Stored items from a collection
-.-.-

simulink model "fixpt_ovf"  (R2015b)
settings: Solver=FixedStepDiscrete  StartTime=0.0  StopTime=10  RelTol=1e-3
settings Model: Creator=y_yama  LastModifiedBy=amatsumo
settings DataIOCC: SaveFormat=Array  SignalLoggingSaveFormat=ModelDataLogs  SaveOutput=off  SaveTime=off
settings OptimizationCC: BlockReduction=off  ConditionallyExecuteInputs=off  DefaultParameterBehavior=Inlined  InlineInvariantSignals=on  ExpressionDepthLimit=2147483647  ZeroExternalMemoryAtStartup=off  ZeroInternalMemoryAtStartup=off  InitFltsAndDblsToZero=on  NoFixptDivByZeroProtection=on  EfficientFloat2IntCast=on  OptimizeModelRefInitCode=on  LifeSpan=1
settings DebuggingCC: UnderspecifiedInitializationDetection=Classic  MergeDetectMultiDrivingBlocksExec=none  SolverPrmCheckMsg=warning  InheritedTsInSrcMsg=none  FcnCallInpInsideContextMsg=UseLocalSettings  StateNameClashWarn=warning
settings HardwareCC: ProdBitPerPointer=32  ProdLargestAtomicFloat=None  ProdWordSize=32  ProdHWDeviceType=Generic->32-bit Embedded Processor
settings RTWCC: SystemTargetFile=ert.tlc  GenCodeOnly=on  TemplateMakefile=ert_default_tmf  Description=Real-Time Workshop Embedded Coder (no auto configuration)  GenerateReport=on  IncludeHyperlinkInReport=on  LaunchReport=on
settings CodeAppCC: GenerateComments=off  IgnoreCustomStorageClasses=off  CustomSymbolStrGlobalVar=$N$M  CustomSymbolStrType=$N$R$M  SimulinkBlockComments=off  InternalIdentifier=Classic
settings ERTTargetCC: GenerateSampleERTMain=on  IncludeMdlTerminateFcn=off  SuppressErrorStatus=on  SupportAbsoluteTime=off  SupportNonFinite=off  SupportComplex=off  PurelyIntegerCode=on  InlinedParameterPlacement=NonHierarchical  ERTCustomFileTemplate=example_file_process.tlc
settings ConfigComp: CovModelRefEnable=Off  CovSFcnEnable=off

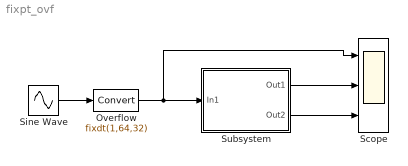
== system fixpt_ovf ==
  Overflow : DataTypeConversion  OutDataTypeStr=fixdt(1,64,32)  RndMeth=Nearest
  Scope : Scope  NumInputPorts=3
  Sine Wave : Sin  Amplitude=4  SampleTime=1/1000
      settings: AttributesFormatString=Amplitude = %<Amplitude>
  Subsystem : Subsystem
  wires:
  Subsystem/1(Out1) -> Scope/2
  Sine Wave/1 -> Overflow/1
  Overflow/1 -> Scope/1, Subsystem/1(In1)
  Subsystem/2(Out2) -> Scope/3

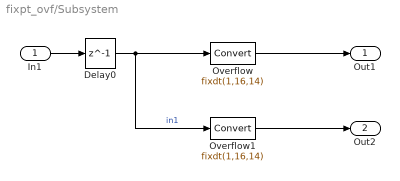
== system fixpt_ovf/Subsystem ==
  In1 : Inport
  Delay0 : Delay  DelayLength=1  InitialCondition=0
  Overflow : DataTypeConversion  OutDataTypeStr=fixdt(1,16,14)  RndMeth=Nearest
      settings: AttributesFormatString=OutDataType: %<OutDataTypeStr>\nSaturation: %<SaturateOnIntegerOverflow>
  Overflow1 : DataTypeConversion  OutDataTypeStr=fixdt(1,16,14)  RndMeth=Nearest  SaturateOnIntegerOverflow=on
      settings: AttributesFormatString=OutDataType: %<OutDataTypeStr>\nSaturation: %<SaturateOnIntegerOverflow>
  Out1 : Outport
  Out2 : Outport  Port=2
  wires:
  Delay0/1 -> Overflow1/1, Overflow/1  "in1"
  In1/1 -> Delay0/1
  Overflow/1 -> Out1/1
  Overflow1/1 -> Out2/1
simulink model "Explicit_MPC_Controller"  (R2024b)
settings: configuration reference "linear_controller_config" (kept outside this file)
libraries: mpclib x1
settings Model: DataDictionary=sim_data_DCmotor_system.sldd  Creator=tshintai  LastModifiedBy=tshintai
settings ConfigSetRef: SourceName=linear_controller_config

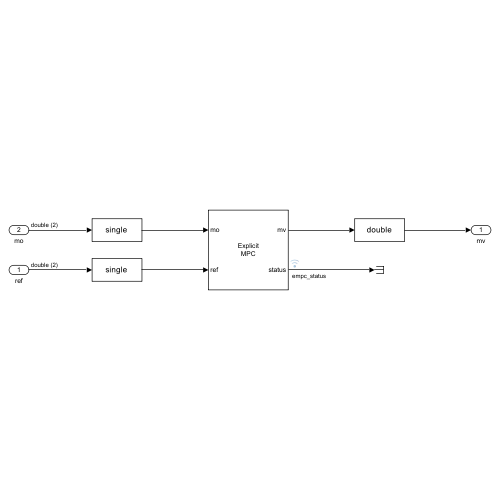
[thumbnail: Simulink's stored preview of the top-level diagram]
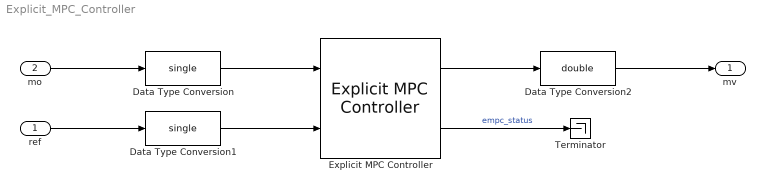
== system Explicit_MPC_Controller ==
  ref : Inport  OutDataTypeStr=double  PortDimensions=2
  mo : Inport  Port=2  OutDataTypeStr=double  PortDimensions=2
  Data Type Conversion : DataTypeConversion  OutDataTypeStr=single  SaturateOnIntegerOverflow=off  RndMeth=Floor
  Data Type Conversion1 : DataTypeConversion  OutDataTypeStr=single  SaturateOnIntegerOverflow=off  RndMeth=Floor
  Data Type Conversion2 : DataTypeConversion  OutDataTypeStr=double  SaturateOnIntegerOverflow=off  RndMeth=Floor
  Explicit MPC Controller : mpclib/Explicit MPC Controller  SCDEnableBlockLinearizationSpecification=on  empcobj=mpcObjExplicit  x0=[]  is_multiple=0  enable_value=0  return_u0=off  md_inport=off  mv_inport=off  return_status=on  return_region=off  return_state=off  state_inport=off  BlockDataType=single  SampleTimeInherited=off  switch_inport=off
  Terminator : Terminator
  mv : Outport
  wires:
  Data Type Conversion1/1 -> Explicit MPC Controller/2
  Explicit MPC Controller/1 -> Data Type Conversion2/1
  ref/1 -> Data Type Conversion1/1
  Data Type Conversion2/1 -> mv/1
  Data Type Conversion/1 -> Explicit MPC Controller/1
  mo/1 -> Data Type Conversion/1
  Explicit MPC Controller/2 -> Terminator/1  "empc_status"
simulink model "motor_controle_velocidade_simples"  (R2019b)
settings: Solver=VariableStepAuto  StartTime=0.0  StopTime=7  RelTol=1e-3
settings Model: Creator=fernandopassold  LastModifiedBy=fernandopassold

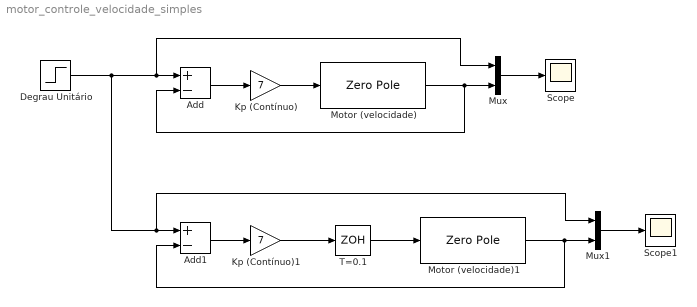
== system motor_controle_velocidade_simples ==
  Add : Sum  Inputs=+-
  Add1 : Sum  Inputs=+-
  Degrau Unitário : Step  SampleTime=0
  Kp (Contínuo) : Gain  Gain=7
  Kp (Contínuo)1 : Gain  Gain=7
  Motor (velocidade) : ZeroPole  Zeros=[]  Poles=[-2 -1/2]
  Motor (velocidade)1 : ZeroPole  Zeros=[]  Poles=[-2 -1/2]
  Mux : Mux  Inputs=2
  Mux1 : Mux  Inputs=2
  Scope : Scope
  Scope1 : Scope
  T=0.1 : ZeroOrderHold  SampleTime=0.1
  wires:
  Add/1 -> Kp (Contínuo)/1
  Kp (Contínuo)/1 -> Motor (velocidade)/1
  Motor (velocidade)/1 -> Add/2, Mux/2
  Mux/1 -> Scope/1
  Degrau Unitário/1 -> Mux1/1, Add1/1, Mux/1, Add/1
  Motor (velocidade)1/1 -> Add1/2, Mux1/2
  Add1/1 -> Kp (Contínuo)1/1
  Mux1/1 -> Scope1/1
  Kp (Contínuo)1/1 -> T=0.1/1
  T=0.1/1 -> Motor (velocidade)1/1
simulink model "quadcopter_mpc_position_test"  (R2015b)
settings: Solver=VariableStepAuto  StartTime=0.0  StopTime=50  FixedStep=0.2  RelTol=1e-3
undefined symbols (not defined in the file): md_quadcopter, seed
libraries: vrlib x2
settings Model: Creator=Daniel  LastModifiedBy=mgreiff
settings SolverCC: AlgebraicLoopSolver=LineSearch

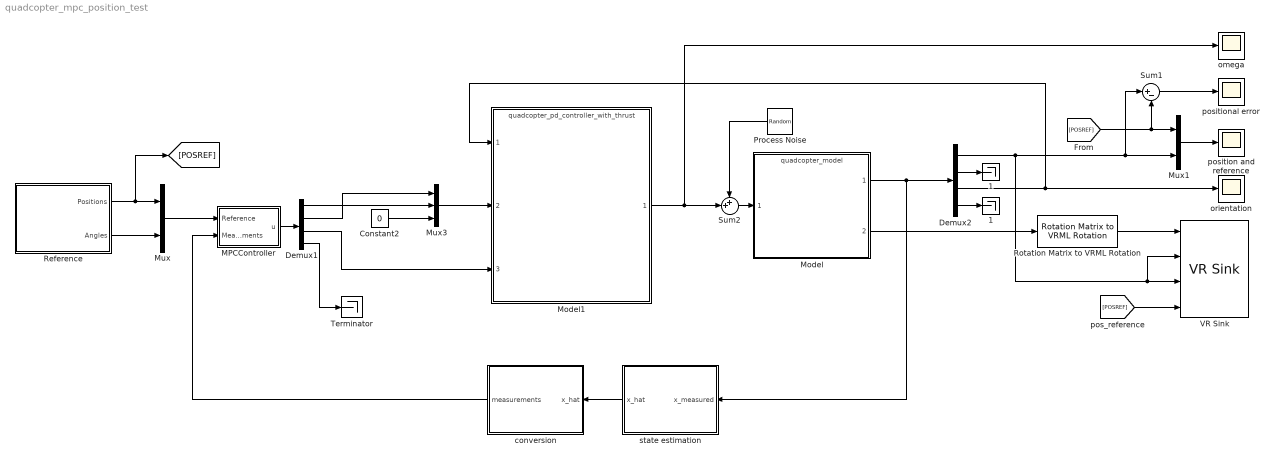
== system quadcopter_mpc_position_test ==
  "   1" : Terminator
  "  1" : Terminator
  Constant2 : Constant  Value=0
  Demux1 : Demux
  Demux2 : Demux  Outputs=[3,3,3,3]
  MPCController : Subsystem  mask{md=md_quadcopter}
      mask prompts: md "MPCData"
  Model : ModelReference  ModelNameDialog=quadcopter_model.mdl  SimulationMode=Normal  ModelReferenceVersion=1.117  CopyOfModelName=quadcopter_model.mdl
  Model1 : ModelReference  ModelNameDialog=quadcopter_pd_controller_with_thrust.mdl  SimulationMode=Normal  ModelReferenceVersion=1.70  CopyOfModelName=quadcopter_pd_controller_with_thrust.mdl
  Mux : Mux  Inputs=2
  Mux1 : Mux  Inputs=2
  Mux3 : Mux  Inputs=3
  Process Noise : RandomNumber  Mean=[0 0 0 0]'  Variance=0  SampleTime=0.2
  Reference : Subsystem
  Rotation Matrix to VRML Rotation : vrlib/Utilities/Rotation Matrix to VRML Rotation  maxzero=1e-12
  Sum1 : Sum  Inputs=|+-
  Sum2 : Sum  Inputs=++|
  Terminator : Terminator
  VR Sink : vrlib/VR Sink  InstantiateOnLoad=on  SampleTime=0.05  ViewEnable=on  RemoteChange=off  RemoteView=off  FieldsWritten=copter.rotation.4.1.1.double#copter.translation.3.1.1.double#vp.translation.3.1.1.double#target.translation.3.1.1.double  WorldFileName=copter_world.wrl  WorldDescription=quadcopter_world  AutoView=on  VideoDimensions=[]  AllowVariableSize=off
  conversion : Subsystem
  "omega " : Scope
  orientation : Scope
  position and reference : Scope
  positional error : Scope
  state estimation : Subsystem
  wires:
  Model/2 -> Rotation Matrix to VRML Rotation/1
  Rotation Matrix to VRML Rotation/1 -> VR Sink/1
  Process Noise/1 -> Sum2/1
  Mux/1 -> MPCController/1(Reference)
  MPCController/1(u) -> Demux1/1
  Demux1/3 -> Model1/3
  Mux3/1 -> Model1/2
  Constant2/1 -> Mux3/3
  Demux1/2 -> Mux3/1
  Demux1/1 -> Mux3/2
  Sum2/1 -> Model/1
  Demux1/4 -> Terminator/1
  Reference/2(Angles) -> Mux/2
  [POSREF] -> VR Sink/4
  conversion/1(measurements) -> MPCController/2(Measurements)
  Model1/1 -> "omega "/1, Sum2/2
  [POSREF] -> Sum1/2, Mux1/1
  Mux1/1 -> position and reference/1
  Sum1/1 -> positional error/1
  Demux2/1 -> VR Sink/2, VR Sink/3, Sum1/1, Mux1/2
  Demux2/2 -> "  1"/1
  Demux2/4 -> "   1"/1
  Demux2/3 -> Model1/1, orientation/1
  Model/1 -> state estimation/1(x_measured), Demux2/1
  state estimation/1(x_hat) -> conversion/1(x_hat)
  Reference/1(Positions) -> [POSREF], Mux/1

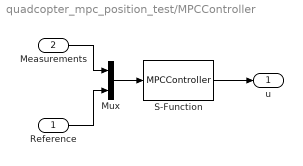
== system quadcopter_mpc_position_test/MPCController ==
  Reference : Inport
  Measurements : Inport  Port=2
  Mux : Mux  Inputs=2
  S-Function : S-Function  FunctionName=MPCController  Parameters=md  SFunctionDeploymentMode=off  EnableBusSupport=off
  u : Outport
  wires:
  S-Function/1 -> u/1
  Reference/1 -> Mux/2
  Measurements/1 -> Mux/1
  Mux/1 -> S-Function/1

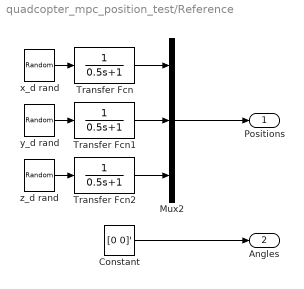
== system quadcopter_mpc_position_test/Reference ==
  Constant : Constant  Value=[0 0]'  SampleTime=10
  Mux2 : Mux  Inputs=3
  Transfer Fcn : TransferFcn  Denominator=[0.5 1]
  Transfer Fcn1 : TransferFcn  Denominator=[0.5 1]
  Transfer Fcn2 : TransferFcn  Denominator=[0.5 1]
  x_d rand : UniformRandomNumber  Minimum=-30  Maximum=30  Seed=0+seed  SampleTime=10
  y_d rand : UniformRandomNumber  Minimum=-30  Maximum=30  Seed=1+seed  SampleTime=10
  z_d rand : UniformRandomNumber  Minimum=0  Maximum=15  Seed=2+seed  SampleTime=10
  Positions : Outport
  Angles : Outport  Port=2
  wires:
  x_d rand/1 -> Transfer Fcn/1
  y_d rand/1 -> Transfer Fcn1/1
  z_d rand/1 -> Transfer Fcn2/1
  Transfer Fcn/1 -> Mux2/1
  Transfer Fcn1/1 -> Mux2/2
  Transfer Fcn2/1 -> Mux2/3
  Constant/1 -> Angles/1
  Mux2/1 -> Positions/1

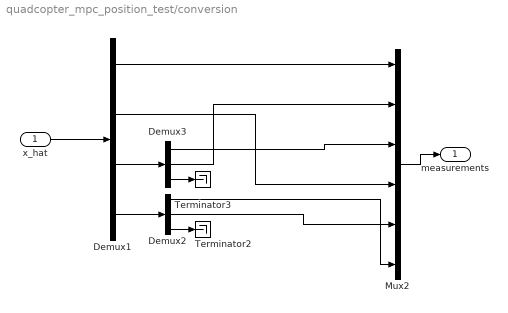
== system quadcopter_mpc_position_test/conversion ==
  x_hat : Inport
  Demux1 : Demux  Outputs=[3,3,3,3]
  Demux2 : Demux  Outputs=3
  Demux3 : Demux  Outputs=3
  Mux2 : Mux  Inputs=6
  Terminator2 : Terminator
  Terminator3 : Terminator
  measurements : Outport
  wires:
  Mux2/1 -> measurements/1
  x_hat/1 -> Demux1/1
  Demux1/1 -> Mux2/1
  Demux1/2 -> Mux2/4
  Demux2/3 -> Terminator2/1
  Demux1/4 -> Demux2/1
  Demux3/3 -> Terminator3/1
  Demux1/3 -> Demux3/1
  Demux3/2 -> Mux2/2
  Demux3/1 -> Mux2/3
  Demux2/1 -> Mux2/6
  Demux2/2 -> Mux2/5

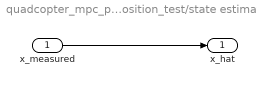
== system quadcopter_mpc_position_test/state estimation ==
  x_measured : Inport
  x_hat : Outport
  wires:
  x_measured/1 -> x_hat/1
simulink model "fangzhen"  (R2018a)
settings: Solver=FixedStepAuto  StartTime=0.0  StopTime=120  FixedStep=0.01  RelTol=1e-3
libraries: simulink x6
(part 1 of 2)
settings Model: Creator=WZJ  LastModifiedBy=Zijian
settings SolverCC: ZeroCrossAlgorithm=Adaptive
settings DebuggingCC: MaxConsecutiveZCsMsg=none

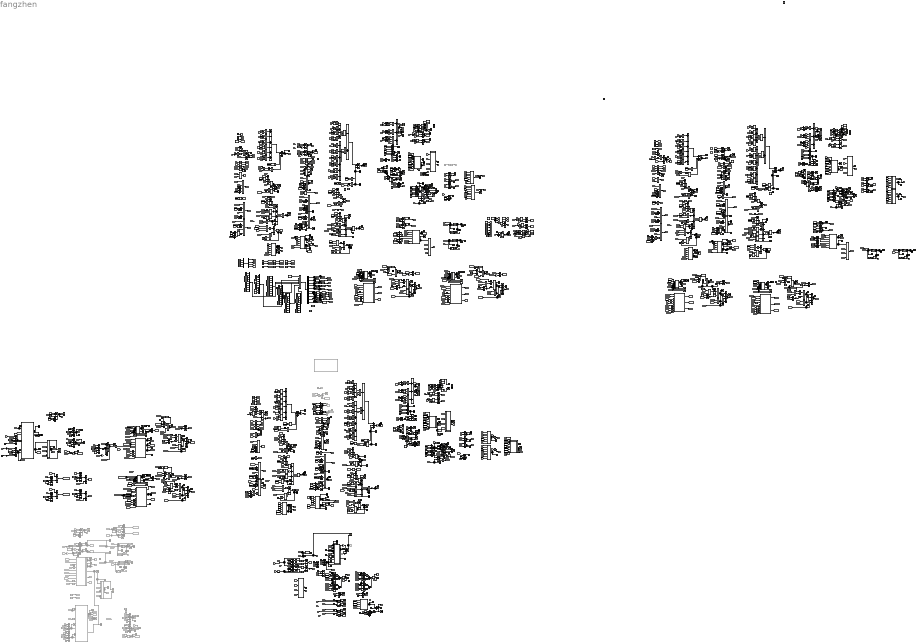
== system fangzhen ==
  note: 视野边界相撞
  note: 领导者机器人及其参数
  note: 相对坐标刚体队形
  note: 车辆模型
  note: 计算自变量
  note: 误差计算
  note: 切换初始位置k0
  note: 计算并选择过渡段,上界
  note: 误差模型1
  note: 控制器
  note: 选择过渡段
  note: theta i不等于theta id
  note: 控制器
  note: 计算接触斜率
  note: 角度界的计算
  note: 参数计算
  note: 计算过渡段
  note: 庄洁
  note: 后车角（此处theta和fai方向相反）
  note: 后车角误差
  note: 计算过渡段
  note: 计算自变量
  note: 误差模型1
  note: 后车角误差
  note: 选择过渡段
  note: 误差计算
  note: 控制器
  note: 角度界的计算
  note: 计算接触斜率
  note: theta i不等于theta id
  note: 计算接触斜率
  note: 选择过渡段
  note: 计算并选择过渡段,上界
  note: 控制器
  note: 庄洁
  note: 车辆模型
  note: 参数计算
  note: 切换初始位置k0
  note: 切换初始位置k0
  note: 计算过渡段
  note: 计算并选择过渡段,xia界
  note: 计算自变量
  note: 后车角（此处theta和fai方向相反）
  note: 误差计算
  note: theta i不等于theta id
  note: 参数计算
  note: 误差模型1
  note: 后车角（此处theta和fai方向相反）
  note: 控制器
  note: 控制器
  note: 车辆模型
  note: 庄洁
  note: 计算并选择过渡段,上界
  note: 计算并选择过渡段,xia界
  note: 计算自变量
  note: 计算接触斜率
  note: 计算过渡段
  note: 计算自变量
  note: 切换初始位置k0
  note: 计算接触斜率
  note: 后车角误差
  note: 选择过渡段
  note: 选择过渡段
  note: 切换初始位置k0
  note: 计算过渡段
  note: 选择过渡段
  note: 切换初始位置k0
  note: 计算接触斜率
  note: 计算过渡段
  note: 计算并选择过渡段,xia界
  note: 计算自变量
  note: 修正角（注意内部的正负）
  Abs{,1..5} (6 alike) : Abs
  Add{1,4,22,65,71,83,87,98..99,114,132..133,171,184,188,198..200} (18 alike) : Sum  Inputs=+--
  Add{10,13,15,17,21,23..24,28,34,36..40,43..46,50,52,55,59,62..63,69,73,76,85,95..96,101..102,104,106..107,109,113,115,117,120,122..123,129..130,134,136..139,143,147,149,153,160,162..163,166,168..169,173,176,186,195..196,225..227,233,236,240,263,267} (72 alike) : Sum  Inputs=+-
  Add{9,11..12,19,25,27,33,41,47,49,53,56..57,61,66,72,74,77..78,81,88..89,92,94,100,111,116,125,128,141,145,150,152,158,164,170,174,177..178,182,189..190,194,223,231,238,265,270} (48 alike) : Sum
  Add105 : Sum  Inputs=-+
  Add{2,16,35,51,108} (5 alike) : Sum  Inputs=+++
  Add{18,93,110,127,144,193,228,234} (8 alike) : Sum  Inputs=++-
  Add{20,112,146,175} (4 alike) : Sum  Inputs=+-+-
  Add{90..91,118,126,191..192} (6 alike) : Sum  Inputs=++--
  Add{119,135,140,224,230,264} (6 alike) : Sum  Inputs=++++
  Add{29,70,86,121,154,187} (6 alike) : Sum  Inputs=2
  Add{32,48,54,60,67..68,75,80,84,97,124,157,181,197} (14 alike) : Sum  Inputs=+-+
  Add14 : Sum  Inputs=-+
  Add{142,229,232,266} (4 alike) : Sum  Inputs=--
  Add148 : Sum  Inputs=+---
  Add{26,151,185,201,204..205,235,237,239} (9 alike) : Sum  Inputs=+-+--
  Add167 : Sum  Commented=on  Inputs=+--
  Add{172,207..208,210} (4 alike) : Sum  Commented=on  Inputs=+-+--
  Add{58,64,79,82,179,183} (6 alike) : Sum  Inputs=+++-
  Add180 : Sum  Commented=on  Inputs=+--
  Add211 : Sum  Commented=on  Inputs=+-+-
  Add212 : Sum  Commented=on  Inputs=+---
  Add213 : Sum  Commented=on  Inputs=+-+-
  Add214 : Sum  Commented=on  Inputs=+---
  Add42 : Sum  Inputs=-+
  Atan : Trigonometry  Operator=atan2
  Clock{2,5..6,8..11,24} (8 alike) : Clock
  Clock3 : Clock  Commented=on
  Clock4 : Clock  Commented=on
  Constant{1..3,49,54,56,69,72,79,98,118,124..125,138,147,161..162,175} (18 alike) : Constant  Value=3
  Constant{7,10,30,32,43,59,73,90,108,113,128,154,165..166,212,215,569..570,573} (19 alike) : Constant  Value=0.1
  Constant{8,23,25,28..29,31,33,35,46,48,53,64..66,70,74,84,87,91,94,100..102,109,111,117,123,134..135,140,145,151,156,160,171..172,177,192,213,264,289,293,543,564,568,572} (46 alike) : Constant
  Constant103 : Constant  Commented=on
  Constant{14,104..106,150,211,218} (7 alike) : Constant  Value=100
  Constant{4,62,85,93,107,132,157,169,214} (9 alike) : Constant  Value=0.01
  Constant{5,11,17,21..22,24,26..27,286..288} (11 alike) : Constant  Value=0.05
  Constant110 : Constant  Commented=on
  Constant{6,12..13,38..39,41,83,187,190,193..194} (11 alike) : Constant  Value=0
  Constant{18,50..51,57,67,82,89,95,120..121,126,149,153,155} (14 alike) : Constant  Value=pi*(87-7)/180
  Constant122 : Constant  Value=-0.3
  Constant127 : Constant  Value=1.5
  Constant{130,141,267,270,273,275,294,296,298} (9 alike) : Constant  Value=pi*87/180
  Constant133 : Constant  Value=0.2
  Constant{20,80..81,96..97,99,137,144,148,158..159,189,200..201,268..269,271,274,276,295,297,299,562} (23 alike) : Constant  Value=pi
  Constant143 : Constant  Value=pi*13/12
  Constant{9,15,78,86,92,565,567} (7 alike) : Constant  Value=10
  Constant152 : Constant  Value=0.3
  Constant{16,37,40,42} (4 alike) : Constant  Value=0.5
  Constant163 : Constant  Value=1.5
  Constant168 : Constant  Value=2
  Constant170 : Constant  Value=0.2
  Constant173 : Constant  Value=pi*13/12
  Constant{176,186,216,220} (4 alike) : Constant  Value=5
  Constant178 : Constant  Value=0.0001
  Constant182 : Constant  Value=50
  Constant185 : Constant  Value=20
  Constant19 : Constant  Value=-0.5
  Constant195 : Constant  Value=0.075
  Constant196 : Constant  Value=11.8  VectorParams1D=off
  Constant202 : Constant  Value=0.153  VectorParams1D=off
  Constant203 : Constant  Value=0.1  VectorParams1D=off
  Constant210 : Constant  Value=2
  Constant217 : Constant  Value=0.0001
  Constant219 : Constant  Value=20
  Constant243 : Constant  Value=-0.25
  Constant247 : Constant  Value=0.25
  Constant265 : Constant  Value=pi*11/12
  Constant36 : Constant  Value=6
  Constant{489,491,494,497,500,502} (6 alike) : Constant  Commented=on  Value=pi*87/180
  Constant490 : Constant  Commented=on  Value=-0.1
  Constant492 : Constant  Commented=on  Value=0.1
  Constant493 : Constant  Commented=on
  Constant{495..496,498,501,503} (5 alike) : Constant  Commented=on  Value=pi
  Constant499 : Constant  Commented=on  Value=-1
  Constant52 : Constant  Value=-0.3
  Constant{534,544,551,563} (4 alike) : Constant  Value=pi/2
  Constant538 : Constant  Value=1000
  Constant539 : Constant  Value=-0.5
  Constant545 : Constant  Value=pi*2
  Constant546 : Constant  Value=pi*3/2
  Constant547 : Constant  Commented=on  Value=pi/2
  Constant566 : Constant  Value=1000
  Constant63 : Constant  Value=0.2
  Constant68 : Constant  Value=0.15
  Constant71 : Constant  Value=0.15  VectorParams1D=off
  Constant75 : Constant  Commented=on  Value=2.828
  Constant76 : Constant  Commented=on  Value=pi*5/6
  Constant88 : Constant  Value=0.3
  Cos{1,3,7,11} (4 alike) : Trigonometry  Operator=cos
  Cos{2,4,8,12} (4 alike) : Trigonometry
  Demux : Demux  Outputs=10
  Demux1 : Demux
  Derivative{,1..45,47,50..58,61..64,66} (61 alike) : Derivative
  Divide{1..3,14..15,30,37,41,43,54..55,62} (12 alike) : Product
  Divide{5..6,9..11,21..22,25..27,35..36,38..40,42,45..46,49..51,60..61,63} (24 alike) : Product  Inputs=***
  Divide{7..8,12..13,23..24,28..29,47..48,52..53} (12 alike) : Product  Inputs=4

-.-.-

§ **Exercise instructions**: Restate word for word the entries above, starting at the line with "Model/2 -> Rotation" and ending at the line with "Sum1/1 -> positional error/1", inclusive, and no others.

§ **Expected output**:
  Model/2 -> Rotation Matrix to VRML Rotation/1
  Rotation Matrix to VRML Rotation/1 -> VR Sink/1
  Process Noise/1 -> Sum2/1
  Mux/1 -> MPCController/1(Reference)
  MPCController/1(u) -> Demux1/1
  Demux1/3 -> Model1/3
  Mux3/1 -> Model1/2
  Constant2/1 -> Mux3/3
  Demux1/2 -> Mux3/1
  Demux1/1 -> Mux3/2
  Sum2/1 -> Model/1
  Demux1/4 -> Terminator/1
  Reference/2(Angles) -> Mux/2
  [POSREF] -> VR Sink/4
  conversion/1(measurements) -> MPCController/2(Measurements)
  Model1/1 -> "omega "/1, Sum2/2
  [POSREF] -> Sum1/2, Mux1/1
  Mux1/1 -> position and reference/1
  Sum1/1 -> positional error/1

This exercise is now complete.